Figure 3. Effects of microplastics on various organs and tissues. Overview of effects of microplastics exposure on various organs and tissues of a developing fetus. Microplastics have detrimental effects on development of the placenta, central nervous system, liver, intestines, lungs, reproductive system and stem cells. Image created with BioRender.com.

With respect to developmental aberrations and endocrine disrupting chemicals like bisphenol A and phthalates, many more studies have been published. These have been elegantly reviewed by Rolfo et al. (Reference Rolfo, Nuzzo, De Amicis, Moretti, Bertoli and Leone2020) among others. In short, numerous studies, including in vitro studies, animal models and population-based studies, compellingly suggest that endocrine disrupting chemicals can adversely affect fetal and placental health. These disruptors potentially interfere with the developing embryonic epigenome, thereby predisposing individuals to disease in adulthood. Furthermore, endocrine-disrupting chemicals may trigger or contribute to serious pregnancy-related conditions such as preeclampsia, fetal growth restriction and gestational diabetes. Therefore, studies into effects of MNP should always consider additives contributing or being responsible for any effect that is found.

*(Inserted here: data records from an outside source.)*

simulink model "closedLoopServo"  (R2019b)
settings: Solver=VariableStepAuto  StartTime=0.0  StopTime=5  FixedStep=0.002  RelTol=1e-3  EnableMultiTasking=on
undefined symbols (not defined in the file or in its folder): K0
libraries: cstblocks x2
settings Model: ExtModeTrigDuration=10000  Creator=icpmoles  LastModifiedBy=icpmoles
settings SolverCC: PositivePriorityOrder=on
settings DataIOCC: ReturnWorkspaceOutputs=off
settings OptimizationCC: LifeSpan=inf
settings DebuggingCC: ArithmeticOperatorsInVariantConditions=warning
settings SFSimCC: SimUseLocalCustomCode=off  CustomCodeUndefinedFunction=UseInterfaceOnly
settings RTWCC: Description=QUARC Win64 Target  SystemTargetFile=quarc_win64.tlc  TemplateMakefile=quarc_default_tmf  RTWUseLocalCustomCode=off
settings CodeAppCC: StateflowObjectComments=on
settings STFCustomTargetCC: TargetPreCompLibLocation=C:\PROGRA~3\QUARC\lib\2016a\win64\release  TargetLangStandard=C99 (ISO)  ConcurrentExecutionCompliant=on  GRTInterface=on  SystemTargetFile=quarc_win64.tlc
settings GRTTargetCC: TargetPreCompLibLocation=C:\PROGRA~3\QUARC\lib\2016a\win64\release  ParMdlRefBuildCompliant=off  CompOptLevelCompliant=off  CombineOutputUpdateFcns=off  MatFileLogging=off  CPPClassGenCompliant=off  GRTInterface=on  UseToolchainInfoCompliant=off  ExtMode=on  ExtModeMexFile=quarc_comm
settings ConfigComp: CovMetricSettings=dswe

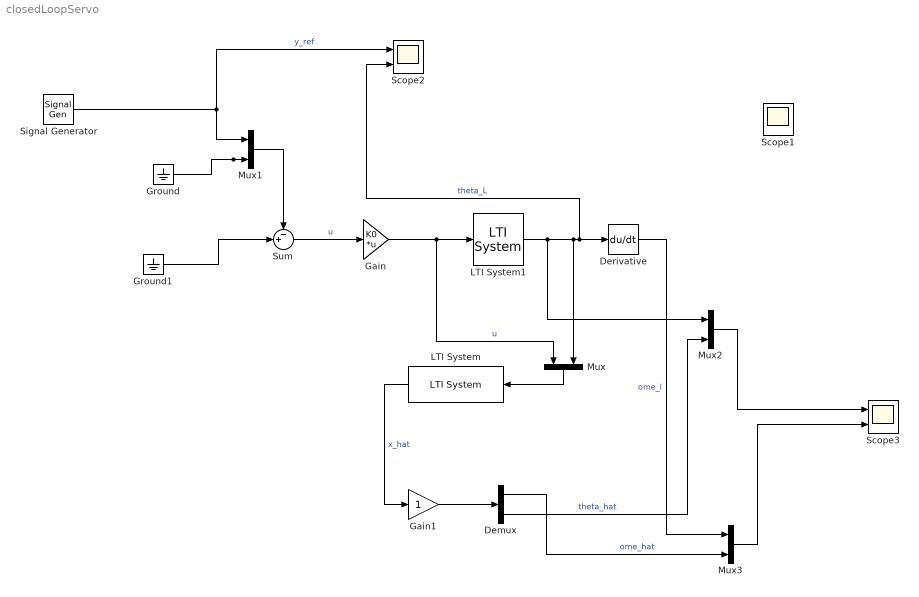
== system closedLoopServo ==
  Demux : Demux  Outputs=2
  Derivative : Derivative  CoefficientInTFapproximation=100
  Gain : Gain  Gain=K0  Multiplication=Matrix(K*u)
  Gain1 : Gain
  Ground : Ground
  Ground1 : Ground
  LTI System : cstblocks/LTI System  sys=sysObserver0  IC=[]
  LTI System1 : cstblocks/LTI System  sys=g  IC=[]
  Mux{,1..3} (4 alike) : Mux  Inputs=2
  Scope1 : Scope  NumInputPorts=3
  Scope2 : Scope  NumInputPorts=2
  Scope3 : Scope  NumInputPorts=2
  Signal Generator : SignalGenerator  WaveForm=square  Amplitude=2  Frequency=2  Units=rad/sec
  Sum : Sum  Inputs=-+|
  wires:
  LTI System1/1 -> Mux2/1, Derivative/1, Scope2/2, Mux/2  "theta_L"
  Mux/1 -> LTI System/1
  Sum/1 -> Gain/1  "u"
  Signal Generator/1 -> Scope2/1, Mux1/1  "y_ref"
  Mux1/1 -> Sum/1
  Ground/1 -> Mux1/2
  Gain/1 -> Mux/1, LTI System1/1  "u"
  Ground1/1 -> Sum/2
  Mux3/1 -> Scope3/2
  Mux2/1 -> Scope3/1
  LTI System/1 -> Gain1/1  "x_hat"
  Demux/2 -> Mux2/2  "theta_hat"
  Derivative/1 -> Mux3/1  "ome_l"
  Demux/1 -> Mux3/2  "ome_hat"
  Gain1/1 -> Demux/1

Reproductive system development

Reproductive structures already begin to form in the embryonic stage (Figure 2) (Pask, Reference Pask, Wilhelm and Bernard2016). The urogenital system is bipotential and undifferentiated until week 6 of gestation and can still develop into female and male primary sexual organs (Makiyan, Reference Makiyan2016; Garcia-Alonso et al., Reference Garcia-Alonso, Lorenzi, Mazzeo, Alves-Lopes, Roberts, Sancho-Serra, Engelbert, Marečková, Gruhn, Botting, Li, Crespo, Van Dongen, Kiselev, Prigmore, Herbert, Moffett, Chédotal, Bayraktar, Surani, Haniffa and Vento-Tormo2022). The presence of the sex-determining region Y gene on the Y chromosome is the main determining factor in development of the testes (Koopman et al., Reference Koopman, Gubbay, Vivian, Goodfellow and Lovell-Badge1991). The testes subsequently secrete anti-Müllerian hormone and the androgen testosterone, which induce differentiation toward male sex organs (Josso et al., Reference Josso, Lamarre, Picard, Berta, Davies, Morichon, Peschanski and Jeny1993; Nassar and Leslie, Reference Nassar and Leslie2023). In contrast, when an embryo lacks the Y chromosome, and thus the sex-determining region Y, there is no formation of the testes. Therefore, anti-Müllerian hormone and testosterone are not produced and this eventually leads toward development of female sex organs (Healey, Reference Healey, Mann, Blair and Garden2012; Cunha et al., Reference Cunha, Robboy, Kurita, Isaacson, Shen, Cao and Baskin2018).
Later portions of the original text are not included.